Hedge funds, investment bankers and other institutional investors are desperate to find the next GameStop — before it’s too late.
That’s why Thinknum Alternative Data quickly built and launched a tool that provides its hedge fund and investment bank clients a ranking of the most-mentioned stocks on WallStreetBets as well as the Stocks subreddit.
“The inbound inquiries from people asking about the dataset has been insane. I’ve never seen anything like it,” Justin Zhen, Thinknum’s co-founder and president, told CNN Business.
Thinknum’s new offering shows how quickly Wall Street is adapting to this new phenomenon — ensuring it maintains control, even as traders on Reddit believe they’ve gained the upper hand on the establishment.
Some hedge funds that bet against GameStop (GME), AMC (AMC) and other stocks have been crushed by the Reddit-fueled rally. Those gains caused a massive short squeeze, where a stock climbed sharply, forcing those who bet against it to buy the stock back to avoid even greater losses.
“Everyone is saying, ‘I need to track Reddit.’ It’s become one of the most important drivers of market movement,” Zhen said.
Thinknum is hardly the only Wall Street firm that has developed new ways to keep an eye on what retail investors and the WallStreetBets crowd are up to.
For instance, Nomura and Wolfe Research recently launched the Wolfe Retail Red Alert basket.
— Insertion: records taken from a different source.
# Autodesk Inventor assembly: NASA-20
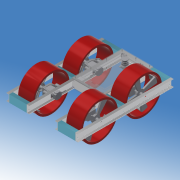
[picture p0: Inventor's stored thumbnail of the model, 180x180]
Saved by Autodesk Inventor 2020 (Build 240168000, 168)
## iProperties
RuleStatus: InUse
Created: 2019-09-05
Part Number: NASA-20
Document SubType Name: Assembly
Designer: Rick Szalay
Author: Rick Szalay
## Documents named in this file (22)
- C:\Users\mpark\Documents\NASA20\Inventor Files\NASA-20\NASA-20\NASA-20.iam
- C:\Users\mpark\Documents\NASA20\Inventor Files\NASA-20\NASA-20\A428.ipt
- C:\Users\mpark\Documents\NASA20\Inventor Files\NASA-20\NASA-20\NASA-20-WH-01.ipt
- C:\Users\mpark\Documents\NASA20\Inventor Files\NASA-20\NASA-20\NASA-20-WT-01.ipt
- C:\Users\mpark\Documents\NASA20\Inventor Files\NASA-20\NASA-20\FR\NASA-20-FR.iam
- C:\Users\mpark\Documents\NASA20\Inventor Files\NASA-20\NASA-20\FR\NASA-20-TB-01.ipt
- C:\Users\mpark\Documents\NASA20\Inventor Files\NASA-20\NASA-20\FR\NASA-20-OP-01.ipt
- C:\Users\mpark\Documents\NASA20\Inventor Files\NASA-20\NASA-20\FR\NASA-20-MP-01.ipt
- C:\Users\Matt\Documents\Inventor\Content Center Files\R2020\en-US\ANSI B18.2.1(3)\ANSI B18.2.1 - 1_4-20 UNC - 5.5(3).ipt
- C:\Users\Matt\Documents\Inventor\Content Center Files\R2020\en-US\ANSI B18.2.2(09)\ANSI B18.2.2 - 1_4 - 20(2).ipt
- C:\Users\mpark\Documents\NASA20\Inventor Files\NASA-20\NASA-20\Tube Replacements.iam
- C:\Users\mpark\Documents\NASA20\Inventor Files\NASA-20\NASA-20\E-Box\NASA-20-EBOX-B-01.ipt
- NASA-20-EBOX-B-01.ipt
- C:\Users\mpark\Documents\NASA20\Inventor Files\NASA-20\NASA-20\E-Box\NASA-20-EBOX-T-01.ipt
- NASA-20-EBOX-T-01.ipt
- C:\Users\mpark\Documents\NASA20\Inventor Files\NASA-20\NASA-20\E-Box\NASA-20-EBOX-T2-01.ipt
- C:\Users\mpark\Documents\NASA20\Inventor Files\NASA-20\NASA-20\E-Box\NASA-20-EBOX-LID-01.ipt
- C:\Users\mpark\Documents\NASA20\Inventor Files\NASA-20\NASA-20\E-Box\1603A230_UNFINISHED BRASS SURFACE-MNT HINGE W HOLES.ipt
- C:\Users\mpark\OneDrive\Documents\Inventor\Content Center Files\R2020\en-US\ANSI B18.2.4.2M\ANSI B18.2.4.2M - M3x0.5 - 5.5.ipt
- C:\Users\mpark\OneDrive\Documents\Inventor\Content Center Files\R2020\en-US\AS 1420\AS 1420 - 1973 - M3 x 14.ipt
- C:\Users\mpark\OneDrive\Documents\Inventor\Content Center Files\R2020\en-US\AS 1420\AS 1420 - 1973 - M3 x 16.ipt
- C:\Users\mpark\Documents\NASA20\Inventor Files\NASA-20\NASA-20\E-Box\9235K200_METAL 30 MM PANEL-MOUNT SWITCH.ipt
## Components (104 placed, 19 different names)
1. A428:1 — Mate:38, Mate:39, Flush:28, Mate:41
2. NASA-20-WH-01:1 — Mate:6, Flush:9, Mate:40, Mate:41
3. NASA-20-WT-01:1 — Mate:6, Flush:9, Mate:61, Tangent:1
4. NASA-20-FR:1 [sub-assembly] — Mate:20, Mate:21, Flush:13, Mate:22, Mate:23, Mate:24, Mate:25, Mate:26, Mate:27, Mate:28, Mate:29, Mate:30, Mate:31, Mate:32, Mate:33, Mate:34, Mate:35, Flush:26, Flush:27, Flush:29, Mate:42, Mate:58, Flush:36, Mate:59, Mate:60, Flush:37, Flush:38, Insert:13, Insert:14, Insert:15, Insert:16, Insert:17, Insert:18, Insert:19, Insert:20, Insert:21, Insert:22, Insert:23, Insert:24, Mate:64, Mate:65, Mate:66, Mate:67, Mate:68, Mate:69, Mate:70, Mate:71, Mate:72, Mate:73, Mate:74, Mate:75, Mate:76, Mate:77, Mate:78, Mate:79, Mate:80, Mate:81, Mate:82, Mate:83, Flush:39, Flush:40, Flush:41, Flush:42, Flush:51
5. NASA-20-OP-01:1 — Flush:24, Flush:25, Mate:37, Flush:26, Flush:27, Mate:63, Insert:7, Insert:8, Insert:9, Insert:10, Insert:11, Insert:12
6. NASA-20-OP-01:2 — Flush:24, Flush:25, Mate:36, Insert:1, Insert:2, Insert:3, Insert:4, Insert:5, Insert:6
7. NASA-20-MP-01:1 — Mate:38, Mate:39, Flush:28, Mate:40, Flush:29, Mate:42
8. A428:2
9. NASA-20-WH-01:2
10. NASA-20-WT-01:2 — Mate:62, Tangent:1
11. NASA-20-MP-01:2 — Mate:58, Flush:36
12. A428:3
13. NASA-20-WH-01:3
14. NASA-20-WT-01:3 — Mate:62, Mate:63
15. NASA-20-MP-01:3 — Mate:59, Flush:37
16. A428:4
17. NASA-20-WH-01:4
18. NASA-20-WT-01:4 — Mate:61
19. NASA-20-MP-01:4 — Mate:60, Flush:38
20. 9235K200_METAL 30 MM PANEL-MOUNT SWITCH:1
21. NASA-20-TB-01:1 — Flush:14, Mate:22, Mate:23
22. NASA-20-TB-01:2 — Flush:14, Flush:15, Mate:24, Mate:36
23. NASA-20-TB-01:3 — Flush:15, Flush:16, Mate:25
24. NASA-20-TB-01:4 — Flush:16, Flush:17, Mate:26
25. NASA-20-TB-01:5 — Flush:17, Flush:18, Mate:27
26. NASA-20-TB-01:6 — Flush:18, Mate:28
27. NASA-20-TB-01:7 — Mate:34, Mate:37
28. NASA-20-TB-01:8 — Mate:35
29. NASA-20-TB-01:9 — Mate:30
30. NASA-20-TB-01:10 — Mate:33
31. NASA-20-TB-01:11 — Mate:32
32. NASA-20-TB-01:12 — Mate:29, Mate:31
33. AS 1420 - Metric M3 x 16:11 — Insert:39
34. AS 1420 - Metric M3 x 16:12 — Insert:40
35. AS 1420 - Metric M3 x 16:13 — Insert:41
36. AS 1420 - Metric M3 x 16:14 — Insert:42
37. AS 1420 - Metric M3 x 16:15 — Insert:43
38. AS 1420 - Metric M3 x 16:16 — Insert:44
39. AS 1420 - Metric M3 x 16:17 — Insert:45
40. AS 1420 - Metric M3 x 16:18 — Insert:46
41. AS 1420 - Metric M3 x 16:19 — Insert:47
42. AS 1420 - Metric M3 x 16:20 — Insert:48
43. AS 1420 - Metric M3 x 16:1 — Insert:29
44. AS 1420 - Metric M3 x 16:2 — Insert:30
45. AS 1420 - Metric M3 x 16:3 — Insert:31
46. AS 1420 - Metric M3 x 16:4 — Insert:32
47. AS 1420 - Metric M3 x 16:5 — Insert:33
48. AS 1420 - Metric M3 x 16:6 — Insert:34
49. AS 1420 - Metric M3 x 16:7 — Insert:35
50. AS 1420 - Metric M3 x 16:8 — Insert:36
51. AS 1420 - Metric M3 x 16:9 — Insert:37
52. AS 1420 - Metric M3 x 16:10 — Insert:38
53. ANSI B18.2.4.2M M3x0.5:3 — Mate:104, Mate:106
54. ANSI B18.2.4.2M M3x0.5:4 — Mate:107, Mate:108
55. ANSI B18.2.4.2M M3x0.5:5 — Mate:109, Mate:110
56. ANSI B18.2.4.2M M3x0.5:6 — Mate:111, Mate:112
57. ANSI B18.2.4.2M M3x0.5:7 — Mate:113, Mate:114
58. ANSI B18.2.4.2M M3x0.5:8 — Mate:115, Mate:116
59. ANSI B18.2.4.2M M3x0.5:9 — Mate:117, Mate:118
60. AS 1420 - Metric M3 x 14:5 — Mate:98, Mate:99, Mate:117
61. AS 1420 - Metric M3 x 14:6 — Mate:100, Mate:101, Mate:115
62. AS 1420 - Metric M3 x 14:7 — Insert:27, Mate:111
63. AS 1420 - Metric M3 x 14:8 — Insert:28, Mate:113
64. AS 1420 - Metric M3 x 14:1 — Insert:25, Mate:109
65. AS 1420 - Metric M3 x 14:2 — Insert:26, Mate:97
66. AS 1420 - Metric M3 x 14:3 — Mate:92, Mate:96, Mate:107
67. AS 1420 - Metric M3 x 14:4 — Mate:94, Mate:95, Mate:104
68. ANSI B18.2.4.2M M3x0.5:1 — Mate:97, Mate:105
69. Hex Cap Screw - Inch 1/4-20 UNC - 5.5:13 — Insert:1
70. Hex Cap Screw - Inch 1/4-20 UNC - 5.5:14 — Insert:2
71. Hex Cap Screw - Inch 1/4-20 UNC - 5.5:15 — Insert:3
72. Hex Cap Screw - Inch 1/4-20 UNC - 5.5:16 — Insert:4
73. Hex Cap Screw - Inch 1/4-20 UNC - 5.5:17 — Insert:5
74. Hex Cap Screw - Inch 1/4-20 UNC - 5.5:18 — Insert:6
75. Hex Cap Screw - Inch 1/4-20 UNC - 5.5:20 — Insert:7
76. Hex Cap Screw - Inch 1/4-20 UNC - 5.5:19 — Insert:8
77. Hex Cap Screw - Inch 1/4-20 UNC - 5.5:21 — Insert:9
78. Hex Cap Screw - Inch 1/4-20 UNC - 5.5:22 — Insert:10
79. Hex Cap Screw - Inch 1/4-20 UNC - 5.5:23 — Insert:11
80. Hex Cap Screw - Inch 1/4-20 UNC - 5.5:24 — Insert:12
81. Hex Nut - Inch 1/4 - 20:13 — Insert:13
82. Hex Nut - Inch 1/4 - 20:14 — Insert:14
83. Hex Nut - Inch 1/4 - 20:15 — Insert:15
84. Hex Nut - Inch 1/4 - 20:16 — Insert:16
85. Hex Nut - Inch 1/4 - 20:17 — Insert:17
86. Hex Nut - Inch 1/4 - 20:18 — Insert:18
87. Hex Nut - Inch 1/4 - 20:19 — Insert:19
88. Hex Nut - Inch 1/4 - 20:20 — Insert:20
89. Hex Nut - Inch 1/4 - 20:21 — Insert:21
90. Hex Nut - Inch 1/4 - 20:22 — Insert:22
91. Hex Nut - Inch 1/4 - 20:23 — Insert:23
92. Hex Nut - Inch 1/4 - 20:24 — Insert:24
93. Tube Replacements:1 [sub-assembly] — Mate:64, Mate:70, Mate:81
94. Tube Replacements:2 [sub-assembly] — Mate:65, Mate:72, Mate:80
95. Tube Replacements:3 [sub-assembly] — Mate:66, Mate:71, Mate:79
96. Tube Replacements:4 [sub-assembly] — Mate:69, Mate:75, Mate:76
97. Tube Replacements:5 [sub-assembly] — Mate:68, Mate:74, Mate:77
98. Tube Replacements:6 [sub-assembly] — Mate:67, Mate:73, Mate:78
99. 1603A230_UNFINISHED BRASS SURFACE-MNT HINGE W HOLES:1 — Mate:90, Flush:49, Insert:25, Insert:26, Mate:92, Mate:94, Mate:95, Mate:96, Flush:50, Flush:51
100. 1603A230_UNFINISHED BRASS SURFACE-MNT HINGE W HOLES:2 — Mate:91, Flush:48, Mate:98, Mate:99, Mate:100, Mate:101, Insert:27, Insert:28, Flush:50
101. NASA-20-EBOX-LID-01:1 — Mate:85, Flush:45, Mate:86, Mate:87
102. NASA-20-EBOX-T2-01:2 — Mate:84, Flush:43, Flush:44, Flush:45, Mate:86, Mate:87, Mate:90, Mate:91, Flush:48, Flush:49, Insert:29, Insert:30, Insert:31, Insert:32, Insert:33, Insert:34, Insert:35, Insert:36, Insert:37, Insert:38
103. NASA-20-EBOX-T-01:1 — Mate:83, Flush:41, Flush:42, Mate:84, Flush:43, Flush:44, Mate:85, Mate:105, Mate:106, Mate:108, Mate:110, Mate:112, Mate:114, Mate:116, Mate:118
104. NASA-20-EBOX-B-01:1 — Mate:82, Flush:39, Flush:40, Insert:39, Insert:40, Insert:41, Insert:42, Insert:43, Insert:44, Insert:45, Insert:46, Insert:47, Insert:48
## Relationships (182: Mate 95, Insert 48, Flush 38, Tangent 1)
- Mate:6: NASA-20-WH-01:1 ↔ NASA-20-WT-01:1
- Flush:9 (19.05 mm): NASA-20-WH-01:1 ↔ NASA-20-WT-01:1
- Mate:20: NASA-20-FR:1
- Mate:21: NASA-20-FR:1
- Flush:13: NASA-20-FR:1
- Flush:14: NASA-20-TB-01:1 ↔ NASA-20-TB-01:2
- Flush:15: NASA-20-TB-01:2 ↔ NASA-20-TB-01:3
- Flush:16: NASA-20-TB-01:3 ↔ NASA-20-TB-01:4
- Flush:17: NASA-20-TB-01:4 ↔ NASA-20-TB-01:5
- Flush:18: NASA-20-TB-01:5 ↔ NASA-20-TB-01:6
- Mate:22: NASA-20-FR:1 ↔ NASA-20-TB-01:1
- Mate:23: NASA-20-FR:1 ↔ NASA-20-TB-01:1
- Mate:24: NASA-20-FR:1 ↔ NASA-20-TB-01:2
- Mate:25: NASA-20-FR:1 ↔ NASA-20-TB-01:3
- Mate:26: NASA-20-FR:1 ↔ NASA-20-TB-01:4
- Mate:27: NASA-20-FR:1 ↔ NASA-20-TB-01:5
- Mate:28: NASA-20-FR:1 ↔ NASA-20-TB-01:6
- [Flush]: NASA-20-TB-01:7 ↔ NASA-20-TB-01:8
- [Flush]: NASA-20-TB-01:8 ↔ NASA-20-TB-01:9
- [Flush]: NASA-20-TB-01:9 ↔ NASA-20-TB-01:10
- [Flush]: NASA-20-TB-01:10 ↔ NASA-20-TB-01:11
- [Flush]: NASA-20-TB-01:11 ↔ NASA-20-TB-01:12
- Mate:29: NASA-20-FR:1 ↔ NASA-20-TB-01:12
- Mate:30: NASA-20-FR:1 ↔ NASA-20-TB-01:9
- Mate:31: NASA-20-FR:1 ↔ NASA-20-TB-01:12
- Mate:32: NASA-20-FR:1 ↔ NASA-20-TB-01:11
- Mate:33: NASA-20-FR:1 ↔ NASA-20-TB-01:10
- Mate:34: NASA-20-FR:1 ↔ NASA-20-TB-01:7
- Mate:35: NASA-20-FR:1 ↔ NASA-20-TB-01:8
- Flush:24: NASA-20-OP-01:1 ↔ NASA-20-OP-01:2
- Flush:25: NASA-20-OP-01:1 ↔ NASA-20-OP-01:2
- Mate:36: NASA-20-OP-01:2 ↔ NASA-20-TB-01:2
- Mate:37: NASA-20-OP-01:1 ↔ NASA-20-TB-01:7
- Flush:26: NASA-20-FR:1 ↔ NASA-20-OP-01:1
- Flush:27: NASA-20-FR:1 ↔ NASA-20-OP-01:1
- Mate:38: A428:1 ↔ NASA-20-MP-01:1
- Mate:39: A428:1 ↔ NASA-20-MP-01:1
- Flush:28: A428:1 ↔ NASA-20-MP-01:1
- Mate:40 (1.5875 mm): NASA-20-WH-01:1 ↔ NASA-20-MP-01:1
- Mate:41: A428:1 ↔ NASA-20-WH-01:1
- Flush:29: NASA-20-FR:1 ↔ NASA-20-MP-01:1
- Mate:42: NASA-20-FR:1 ↔ NASA-20-MP-01:1
- [Mate]: NASA-20-WH-01:2 ↔ NASA-20-WT-01:2
- [Flush] (19.05 mm): NASA-20-WH-01:2 ↔ NASA-20-WT-01:2
- [Mate]: A428:2 ↔ NASA-20-MP-01:2
- [Mate]: A428:2 ↔ NASA-20-MP-01:2
- [Flush]: A428:2 ↔ NASA-20-MP-01:2
- [Mate] (1.5875 mm): NASA-20-WH-01:2 ↔ NASA-20-MP-01:2
- [Mate]: A428:2 ↔ NASA-20-WH-01:2
- [Mate]: NASA-20-WH-01:3 ↔ NASA-20-WT-01:3
- [Flush] (19.05 mm): NASA-20-WH-01:3 ↔ NASA-20-WT-01:3
- [Mate]: A428:3 ↔ NASA-20-MP-01:3
- [Mate]: A428:3 ↔ NASA-20-MP-01:3
- [Flush]: A428:3 ↔ NASA-20-MP-01:3
- [Mate] (1.5875 mm): NASA-20-WH-01:3 ↔ NASA-20-MP-01:3
- [Mate]: A428:3 ↔ NASA-20-WH-01:3
- [Mate]: NASA-20-WH-01:4 ↔ NASA-20-WT-01:4
- [Flush] (19.05 mm): NASA-20-WH-01:4 ↔ NASA-20-WT-01:4
- [Mate]: A428:4 ↔ NASA-20-MP-01:4
- [Mate]: A428:4 ↔ NASA-20-MP-01:4
- [Flush]: A428:4 ↔ NASA-20-MP-01:4
- [Mate] (1.5875 mm): NASA-20-WH-01:4 ↔ NASA-20-MP-01:4
- [Mate]: A428:4 ↔ NASA-20-WH-01:4
- Mate:58: NASA-20-FR:1 ↔ NASA-20-MP-01:2
- Flush:36: NASA-20-FR:1 ↔ NASA-20-MP-01:2
- Mate:59: NASA-20-FR:1 ↔ NASA-20-MP-01:3
- Mate:60: NASA-20-FR:1 ↔ NASA-20-MP-01:4
- Flush:37: NASA-20-FR:1 ↔ NASA-20-MP-01:3
- Flush:38: NASA-20-FR:1 ↔ NASA-20-MP-01:4
- Mate:61: NASA-20-WT-01:1 ↔ NASA-20-WT-01:4
- Mate:62: NASA-20-WT-01:2 ↔ NASA-20-WT-01:3
- Tangent:1 (50.8 mm): NASA-20-WT-01:1 ↔ NASA-20-WT-01:2
- Mate:63: NASA-20-OP-01:1 ↔ NASA-20-WT-01:3
- Insert:1: NASA-20-OP-01:2 ↔ Hex Cap Screw - Inch 1/4-20 UNC - 5.5:13
- Insert:2: NASA-20-OP-01:2 ↔ Hex Cap Screw - Inch 1/4-20 UNC - 5.5:14
- Insert:3: NASA-20-OP-01:2 ↔ Hex Cap Screw - Inch 1/4-20 UNC - 5.5:15
- Insert:4: NASA-20-OP-01:2 ↔ Hex Cap Screw - Inch 1/4-20 UNC - 5.5:16
- Insert:5: NASA-20-OP-01:2 ↔ Hex Cap Screw - Inch 1/4-20 UNC - 5.5:17
- Insert:6: NASA-20-OP-01:2 ↔ Hex Cap Screw - Inch 1/4-20 UNC - 5.5:18
- Insert:7: NASA-20-OP-01:1 ↔ Hex Cap Screw - Inch 1/4-20 UNC - 5.5:20
- Insert:8: NASA-20-OP-01:1 ↔ Hex Cap Screw - Inch 1/4-20 UNC - 5.5:19
- Insert:9: NASA-20-OP-01:1 ↔ Hex Cap Screw - Inch 1/4-20 UNC - 5.5:21
- Insert:10: NASA-20-OP-01:1 ↔ Hex Cap Screw - Inch 1/4-20 UNC - 5.5:22
- Insert:11: NASA-20-OP-01:1 ↔ Hex Cap Screw - Inch 1/4-20 UNC - 5.5:23
- Insert:12: NASA-20-OP-01:1 ↔ Hex Cap Screw - Inch 1/4-20 UNC - 5.5:24
- Insert:13: NASA-20-FR:1 ↔ Hex Nut - Inch 1/4 - 20:13
- Insert:14: NASA-20-FR:1 ↔ Hex Nut - Inch 1/4 - 20:14
- Insert:15: NASA-20-FR:1 ↔ Hex Nut - Inch 1/4 - 20:15
- Insert:16: NASA-20-FR:1 ↔ Hex Nut - Inch 1/4 - 20:16
- Insert:17: NASA-20-FR:1 ↔ Hex Nut - Inch 1/4 - 20:17
- Insert:18: NASA-20-FR:1 ↔ Hex Nut - Inch 1/4 - 20:18
- Insert:19: NASA-20-FR:1 ↔ Hex Nut - Inch 1/4 - 20:19
- Insert:20: NASA-20-FR:1 ↔ Hex Nut - Inch 1/4 - 20:20
- Insert:21: NASA-20-FR:1 ↔ Hex Nut - Inch 1/4 - 20:21
- Insert:22: NASA-20-FR:1 ↔ Hex Nut - Inch 1/4 - 20:22
- Insert:23: NASA-20-FR:1 ↔ Hex Nut - Inch 1/4 - 20:23
- Insert:24: NASA-20-FR:1 ↔ Hex Nut - Inch 1/4 - 20:24
- Mate:64: NASA-20-FR:1 ↔ Tube Replacements:1
- Mate:65: NASA-20-FR:1 ↔ Tube Replacements:2
- Mate:66: NASA-20-FR:1 ↔ Tube Replacements:3
- Mate:67: NASA-20-FR:1 ↔ Tube Replacements:6
- Mate:68: NASA-20-FR:1 ↔ Tube Replacements:5
- Mate:69: NASA-20-FR:1 ↔ Tube Replacements:4
- Mate:70: NASA-20-FR:1 ↔ Tube Replacements:1
- Mate:71: NASA-20-FR:1 ↔ Tube Replacements:3
- Mate:72: NASA-20-FR:1 ↔ Tube Replacements:2
- Mate:73: NASA-20-FR:1 ↔ Tube Replacements:6
- Mate:74: NASA-20-FR:1 ↔ Tube Replacements:5
- Mate:75: NASA-20-FR:1 ↔ Tube Replacements:4
- Mate:76: NASA-20-FR:1 ↔ Tube Replacements:4
- Mate:77: NASA-20-FR:1 ↔ Tube Replacements:5
- Mate:78: NASA-20-FR:1 ↔ Tube Replacements:6
- Mate:79: NASA-20-FR:1 ↔ Tube Replacements:3
- Mate:80: NASA-20-FR:1 ↔ Tube Replacements:2
- Mate:81: NASA-20-FR:1 ↔ Tube Replacements:1
- Mate:82: NASA-20-FR:1 ↔ NASA-20-EBOX-B-01:1
- Mate:83: NASA-20-FR:1 ↔ NASA-20-EBOX-T-01:1
- Flush:39: NASA-20-FR:1 ↔ NASA-20-EBOX-B-01:1
- Flush:40: NASA-20-FR:1 ↔ NASA-20-EBOX-B-01:1
- Flush:41: NASA-20-FR:1 ↔ NASA-20-EBOX-T-01:1
- Flush:42: NASA-20-FR:1 ↔ NASA-20-EBOX-T-01:1
- Mate:84: NASA-20-EBOX-T2-01:2 ↔ NASA-20-EBOX-T-01:1
- Flush:43: NASA-20-EBOX-T2-01:2 ↔ NASA-20-EBOX-T-01:1
- Flush:44: NASA-20-EBOX-T2-01:2 ↔ NASA-20-EBOX-T-01:1
- Mate:85: NASA-20-EBOX-LID-01:1 ↔ NASA-20-EBOX-T-01:1
- Flush:45: NASA-20-EBOX-LID-01:1 ↔ NASA-20-EBOX-T2-01:2
- Mate:86 (1 mm): NASA-20-EBOX-LID-01:1 ↔ NASA-20-EBOX-T2-01:2
- Mate:87 (1 mm): NASA-20-EBOX-LID-01:1 ↔ NASA-20-EBOX-T2-01:2
- Mate:90: 1603A230_UNFINISHED BRASS SURFACE-MNT HINGE W HOLES:1 ↔ NASA-20-EBOX-T2-01:2
- Mate:91: 1603A230_UNFINISHED BRASS SURFACE-MNT HINGE W HOLES:2 ↔ NASA-20-EBOX-T2-01:2
- Flush:48 (38.1 mm): 1603A230_UNFINISHED BRASS SURFACE-MNT HINGE W HOLES:2 ↔ NASA-20-EBOX-T2-01:2
- Flush:49 (38.1 mm): 1603A230_UNFINISHED BRASS SURFACE-MNT HINGE W HOLES:1 ↔ NASA-20-EBOX-T2-01:2
- Insert:25: AS 1420 - Metric M3 x 14:1 ↔ 1603A230_UNFINISHED BRASS SURFACE-MNT HINGE W HOLES:1
- Insert:26: AS 1420 - Metric M3 x 14:2 ↔ 1603A230_UNFINISHED BRASS SURFACE-MNT HINGE W HOLES:1
- Mate:92: AS 1420 - Metric M3 x 14:3 ↔ 1603A230_UNFINISHED BRASS SURFACE-MNT HINGE W HOLES:1
- Mate:94: AS 1420 - Metric M3 x 14:4 ↔ 1603A230_UNFINISHED BRASS SURFACE-MNT HINGE W HOLES:1
- Mate:95: AS 1420 - Metric M3 x 14:4 ↔ 1603A230_UNFINISHED BRASS SURFACE-MNT HINGE W HOLES:1
- Mate:96: AS 1420 - Metric M3 x 14:3 ↔ 1603A230_UNFINISHED BRASS SURFACE-MNT HINGE W HOLES:1
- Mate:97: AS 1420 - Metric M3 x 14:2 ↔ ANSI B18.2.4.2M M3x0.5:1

According to Nomura, the tool analyzes Fidelity, Reddit and other sources of retail trading flows to monitor mentions and trading activity and measure that information against statistics on how heavily shorted stocks are.
‘Bad things can happen’
Founded in 2014, Thinknum lets users comb through 30 different datasets to make investment decisions, everything from vehicle inventory posted by CarMax (KMX) and job postings to government contracts.
The platform has more than 130 hedge funds as clients as well as eight of the top 10 biggest banks, according to Zhen. Thinknum’s pricing starts at $16,800 per seat per year and goes up from there based on how much data is consumed. Some clients pay six-figures per year for access to the platform.
The Thinknum president said hedge funds especially need to know if their short bets are being discussed on WallStreetBets, indicating a potential short squeeze in the works.
“If you don’t know, then bad things can happen — as you’ve seen recently,” Zhen said.
GameStop short-seller Melvin Capital lost 53% in January and required a $2.75 billion bailout from larger hedge funds. The carnage spilled over into the broader markets last week, helping to drive the S&P 500 to its worst week since October.
Keeping an eye on Reddit
Of course, one risk with making investment decisions solely based on what is being mentioned on Reddit is that there is no way to confirm that the stocks being touted are actually being bought. Some WallStreetBets users claimed this week that hedge funds co-opted their movement by suggesting they were behind a surge in silver prices.
Rather than ascribing intention, Zhen said the tool is used to merely track how many mentions a stock gets on Reddit.
“You don’t have to know who they are and whether they like the stock or not. The main thing is knowing that people are talking about the stock,” the Thinknum president said.
Zhen added that demand was so strong for this tool that Thinknum created it in just days last week.
“I don’t have to pitch it to clients,” he said. “It pitches itself.”